Impact crater structure
- Confidence: Confirmed
- Diameter: 5 km (3 mi)
- Age: c. 250 million years
- Exposed: Yes
- Drilled: No

= Gow crater =

Impact crater in Saskatchewan, Canada

Gow Crater is an impact crater in Saskatchewan, Canada. It is 5 km in diameter and the age is estimated to be less than 250 million years (Triassic or later). The crater contains a classic crater lake (Gow Lake) with an island (Calder Island) formed by the central uplift. It is the smallest known crater in Canada with an uplift structure.

The crater is unique in that it is the only preserved example of a transitional impact structure on Earth. This is characterized by a crater having relatively smooth walls and a floor partly or completely covered by debris slumped from the crater walls. The only other existing example is in Australia, however it is extremely deteriorated. Due to this, the rock forming the crater bed is a unique form of breccia existing nowhere else on Earth. This rock was formed when existing rock was liquified during the meteor impact.

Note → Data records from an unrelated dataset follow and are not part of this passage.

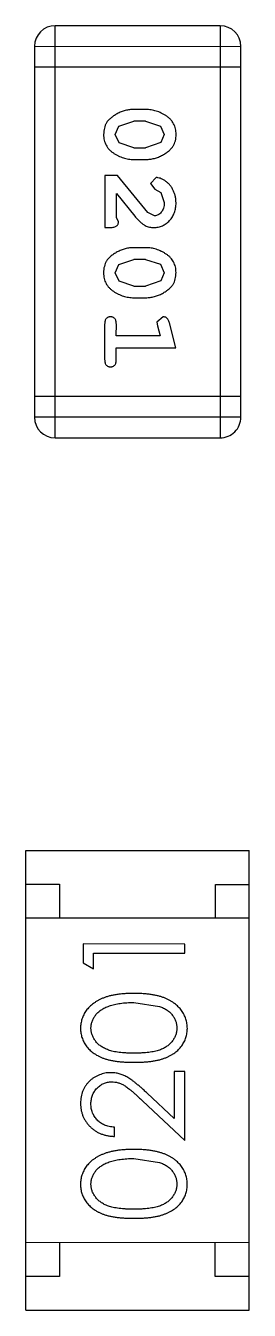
# Model space of a CAD drawing. Header units: inches. Extents: x -29 to 164, y -51 to 83.
# Drawn here: x 138.615 to 138.945, y 23.687 to 25.587 of the extents above; entities that cross this region are included whole.
import ezdxf

# ---------------------------------------------------------------- set-up
doc = ezdxf.new("R2010")
doc.units = ezdxf.units.IN
doc.header["$LTSCALE"] = 1.21
doc.header["$MEASUREMENT"] = 0
doc.layers.get('0').update_dxf_attribs({"linetype": 'CONTINUOUS'})

msp = doc.modelspace()

# ---------------------------------------------------------------- linework, layer by layer
at = {"color": 7, "linetype": 'Continuous'}
for p, q in [((138.6579, 24.9778), (138.658, 25.5874)), ((138.9018, 25.5873), (138.658, 25.5874)), ((138.9018, 25.5873), (138.9017, 24.9777)), ((138.6275, 25.5569), (138.6274, 25.0082)), ((138.6275, 25.5569), (138.9323, 25.5568)), ((138.9322, 25.0082), (138.9323, 25.5568)), ((138.6275, 25.5264), (138.9323, 25.5263)), ((138.7919, 25.4634), (138.7742, 25.4635)), ((138.7521, 25.4385), (138.7744, 25.4461)), ((138.7916, 25.4461), (138.7744, 25.4461)), ((138.7916, 25.4461), (138.8134, 25.4389)), ((138.7468, 25.4264), (138.7521, 25.4385)), ((138.7526, 25.4141), (138.7468, 25.4264)), ((138.8134, 25.4389), (138.8192, 25.4265)), ((138.8192, 25.4265), (138.8139, 25.4144)), ((138.7744, 25.4068), (138.7526, 25.4141)), ((138.7744, 25.4068), (138.7916, 25.4068)), ((138.8139, 25.4144), (138.7916, 25.4068)), ((138.7741, 25.3895), (138.7919, 25.3895)), ((138.7311, 25.3659), (138.7311, 25.2888)), ((138.75, 25.3659), (138.7311, 25.3659)), ((138.7949, 25.3109), (138.75, 25.3659)), ((138.8072, 25.3628), (138.7987, 25.3539)), ((138.7987, 25.3539), (138.8053, 25.3455)), ((138.7484, 25.303), (138.7484, 25.3392)), ((138.7484, 25.3392), (138.7754, 25.3056)), ((138.8053, 25.3455), (138.8138, 25.3405)), ((138.8138, 25.3405), (138.8192, 25.3256)), ((138.8047, 25.3061), (138.7949, 25.3109)), ((138.7515, 25.2975), (138.7484, 25.303)), ((138.7311, 25.2888), (138.7389, 25.2888)), ((138.7919, 25.2589), (138.7741, 25.2589)), ((138.7521, 25.234), (138.7744, 25.2416)), ((138.7916, 25.2416), (138.7744, 25.2416)), ((138.7916, 25.2416), (138.8134, 25.2344)), ((138.8134, 25.2344), (138.8192, 25.222)), ((138.7468, 25.2219), (138.7521, 25.234)), ((138.7526, 25.2096), (138.7468, 25.2219)), ((138.8192, 25.222), (138.8139, 25.2099)), ((138.7744, 25.2023), (138.7526, 25.2096)), ((138.7744, 25.2023), (138.7916, 25.2023)), ((138.8139, 25.2099), (138.7916, 25.2023)), ((138.7741, 25.185), (138.7918, 25.185)), ((138.731, 25.1457), (138.731, 25.0938)), ((138.7483, 25.1284), (138.7484, 25.1457)), ((138.8174, 25.1567), (138.8081, 25.1488)), ((138.8081, 25.1488), (138.8092, 25.1434)), ((138.8092, 25.1434), (138.8133, 25.1284)), ((138.8364, 25.1111), (138.8266, 25.1476)), ((138.8133, 25.1284), (138.7483, 25.1284)), ((138.7483, 25.0938), (138.7483, 25.1111)), ((138.7483, 25.1111), (138.8364, 25.1111)), ((138.9322, 25.0387), (138.6274, 25.0387)), ((138.9322, 25.0082), (138.6274, 25.0082)), ((138.6579, 24.9778), (138.9017, 24.9777)), ((138.6145, 23.6873), (138.6147, 24.3673)), ((138.6147, 24.3673), (138.9447, 24.3672)), ((138.9445, 23.6872), (138.9447, 24.3672)), ((138.6146, 24.3173), (138.6646, 24.3173)), ((138.6646, 24.3173), (138.6646, 24.2673)), ((138.8946, 24.2672), (138.8946, 24.3172)), ((138.8946, 24.3172), (138.9446, 24.3172)), ((138.9446, 24.2672), (138.6146, 24.2673)), ((138.6993, 24.2291), (138.6993, 24.2013)), ((138.8493, 24.229), (138.6993, 24.2291)), ((138.8493, 24.2156), (138.8493, 24.229)), ((138.7147, 24.1925), (138.7147, 24.2156)), ((138.7147, 24.2156), (138.8493, 24.2156)), ((138.6993, 24.2013), (138.7147, 24.1925)), ((138.7743, 24.1425), (138.812, 24.1368)), ((138.8339, 24.0406), (138.8339, 23.9708)), ((138.8493, 24.0406), (138.8339, 24.0406)), ((138.8493, 23.9386), (138.8493, 24.0406)), ((138.8339, 23.9708), (138.7939, 24.0083)), ((138.7872, 23.9968), (138.8493, 23.9386)), ((138.7454, 23.9444), (138.7454, 23.9579)), ((138.7743, 23.9117), (138.812, 23.906)), ((138.9445, 23.7872), (138.6145, 23.7873)), ((138.6645, 23.7873), (138.6645, 23.7373)), ((138.8945, 23.7372), (138.8945, 23.7872)), ((138.6645, 23.7373), (138.6145, 23.7373)), ((138.9445, 23.7372), (138.8945, 23.7372)), ((138.6145, 23.6873), (138.9445, 23.6872))]:
    msp.add_line(p, q, dxfattribs=at)
for centre, start, end in [((138.658, 25.5569), 89.988, 179.988), ((138.9018, 25.5568), 359.988, 89.988), ((138.6579, 25.0082), 179.988, 269.988), ((138.9017, 25.0082), 269.988, 359.988)]:
    msp.add_arc(centre, 0.0305, start, end, dxfattribs=at)
for points, knots in [([(138.7742, 25.4635), (138.7731, 25.4634), (138.771, 25.4634), (138.7678, 25.4631), (138.7646, 25.4626), (138.7616, 25.4619), (138.7585, 25.461), (138.7555, 25.4599), (138.7526, 25.4586), (138.7497, 25.4572), (138.7469, 25.4556), (138.7444, 25.454), (138.7421, 25.4523), (138.74, 25.4507), (138.7381, 25.449), (138.7364, 25.4473), (138.735, 25.4456), (138.7334, 25.4432), (138.7318, 25.44), (138.7305, 25.4358), (138.7297, 25.4312), (138.7296, 25.4281), (138.7295, 25.4264)], [0, 0, 0, 0, 0.049886, 0.09882, 0.148132, 0.19689, 0.246038, 0.295176, 0.345305, 0.395692, 0.445312, 0.491875, 0.535813, 0.577009, 0.616081, 0.652689, 0.687585, 0.720206, 0.785062, 0.85223, 0.923759, 1, 1, 1, 1]), ([(138.8365, 25.4266), (138.8365, 25.4281), (138.8364, 25.4309), (138.8357, 25.435), (138.8346, 25.4388), (138.833, 25.4424), (138.8309, 25.4457), (138.8284, 25.4487), (138.8254, 25.4515), (138.8221, 25.454), (138.8185, 25.4562), (138.8148, 25.4581), (138.8111, 25.4598), (138.8073, 25.4611), (138.8035, 25.4622), (138.7997, 25.4629), (138.7958, 25.4634), (138.7932, 25.4634), (138.7919, 25.4634)], [0, 0, 0, 0, 0.06692, 0.130834, 0.19258, 0.252759, 0.312631, 0.373411, 0.436359, 0.501894, 0.568244, 0.632472, 0.69556, 0.757163, 0.818592, 0.878885, 0.939235, 1, 1, 1, 1]), ([(138.7295, 25.4264), (138.7296, 25.425), (138.7296, 25.4222), (138.7304, 25.4181), (138.7315, 25.4142), (138.7331, 25.4107), (138.7351, 25.4073), (138.7376, 25.4043), (138.7406, 25.4015), (138.7439, 25.399), (138.7475, 25.3968), (138.7512, 25.3949), (138.7549, 25.3932), (138.7587, 25.3919), (138.7625, 25.3908), (138.7663, 25.39), (138.7702, 25.3896), (138.7728, 25.3895), (138.7741, 25.3895)], [0, 0, 0, 0, 0.067217, 0.131051, 0.19272, 0.252824, 0.312745, 0.373449, 0.436041, 0.501494, 0.567761, 0.632087, 0.695096, 0.757109, 0.817993, 0.878657, 0.939311, 1, 1, 1, 1]), ([(138.7919, 25.3895), (138.793, 25.3895), (138.7951, 25.3896), (138.7983, 25.3899), (138.8014, 25.3904), (138.8045, 25.3911), (138.8076, 25.392), (138.8106, 25.3931), (138.8136, 25.3944), (138.8164, 25.3959), (138.8192, 25.3975), (138.8217, 25.3991), (138.8241, 25.4008), (138.8262, 25.4024), (138.828, 25.4042), (138.8297, 25.4059), (138.8311, 25.4076), (138.8327, 25.41), (138.8343, 25.4131), (138.8356, 25.4173), (138.8364, 25.4219), (138.8365, 25.425), (138.8365, 25.4266)], [0, 0, 0, 0, 0.049855, 0.099516, 0.148482, 0.19758, 0.246804, 0.296268, 0.346517, 0.397047, 0.446826, 0.49336, 0.537801, 0.579207, 0.617974, 0.654833, 0.689171, 0.722088, 0.786392, 0.853518, 0.924186, 1, 1, 1, 1]), ([(138.8365, 25.3255), (138.8364, 25.3272), (138.8363, 25.3305), (138.8355, 25.3355), (138.834, 25.3402), (138.832, 25.3447), (138.8296, 25.3489), (138.8267, 25.3525), (138.8235, 25.3557), (138.8199, 25.3582), (138.8164, 25.3601), (138.813, 25.3616), (138.81, 25.3625), (138.8081, 25.3627), (138.8072, 25.3628)], [0, 0, 0, 0, 0.098286, 0.193983, 0.289056, 0.384352, 0.477435, 0.566197, 0.652355, 0.737986, 0.818188, 0.887401, 0.94802, 1, 1, 1, 1]), ([(138.8037, 25.2888), (138.8048, 25.2889), (138.807, 25.2889), (138.8103, 25.2894), (138.8134, 25.2902), (138.8163, 25.2913), (138.8192, 25.2928), (138.8219, 25.2946), (138.8245, 25.2967), (138.8269, 25.2991), (138.8292, 25.3017), (138.8312, 25.3046), (138.8328, 25.3076), (138.8342, 25.3108), (138.8352, 25.3143), (138.836, 25.3178), (138.8364, 25.3216), (138.8365, 25.3242), (138.8365, 25.3255)], [0, 0, 0, 0, 0.060981, 0.120256, 0.178148, 0.236115, 0.293993, 0.352864, 0.413358, 0.476056, 0.539296, 0.602396, 0.665116, 0.728325, 0.792919, 0.859317, 0.928302, 1, 1, 1, 1]), ([(138.8192, 25.3256), (138.8191, 25.3242), (138.8191, 25.3215), (138.8182, 25.3177), (138.8168, 25.3143), (138.8149, 25.3114), (138.8126, 25.3091), (138.8102, 25.3074), (138.8075, 25.3063), (138.8056, 25.3062), (138.8047, 25.3061)], [0, 0, 0, 0, 0.156344, 0.299348, 0.4327, 0.561, 0.682299, 0.791883, 0.89611, 1, 1, 1, 1]), ([(138.7389, 25.2888), (138.74, 25.2889), (138.742, 25.2889), (138.7447, 25.2893), (138.7469, 25.29), (138.7487, 25.2911), (138.75, 25.2924), (138.7509, 25.2939), (138.7515, 25.2956), (138.7515, 25.2969), (138.7515, 25.2975)], [0, 0, 0, 0, 0.1844, 0.34094, 0.473574, 0.586824, 0.690029, 0.789175, 0.890445, 1, 1, 1, 1]), ([(138.7754, 25.3056), (138.7762, 25.3047), (138.7777, 25.303), (138.7799, 25.3007), (138.782, 25.2985), (138.784, 25.2967), (138.7859, 25.2951), (138.7876, 25.2937), (138.7893, 25.2926), (138.7913, 25.2915), (138.7939, 25.2904), (138.7971, 25.2895), (138.8003, 25.2889), (138.8026, 25.2889), (138.8037, 25.2888)], [0, 0, 0, 0, 0.103002, 0.197728, 0.285279, 0.365235, 0.437224, 0.502446, 0.560545, 0.611446, 0.707576, 0.80349, 0.900532, 1, 1, 1, 1]), ([(138.7741, 25.2589), (138.773, 25.2589), (138.7709, 25.2589), (138.7677, 25.2586), (138.7646, 25.2581), (138.7615, 25.2574), (138.7585, 25.2565), (138.7555, 25.2554), (138.7525, 25.2541), (138.7496, 25.2527), (138.7469, 25.2511), (138.7444, 25.2495), (138.742, 25.2478), (138.7399, 25.2462), (138.7381, 25.2445), (138.7364, 25.2428), (138.735, 25.241), (138.7334, 25.2387), (138.7318, 25.2355), (138.7305, 25.2313), (138.7296, 25.2267), (138.7295, 25.2235), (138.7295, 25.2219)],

The larger Deep Bay crater, formed during the Cretaceous, is around 90 km east of Gow crater. The Carswell impact structure, which also formed during the Cretaceous, is to the northwest of Gow Crater.

== Gow Lake ==
Gow Lake — the lake that fills the crater — has a surface area of 1744.4 ha and a shoreline that is 47 km long. At the centre of the lake is the recursive Calder Island. Fish commonly found in the lake include burbot, lake trout, lake whitefish, northern pike, and walleye.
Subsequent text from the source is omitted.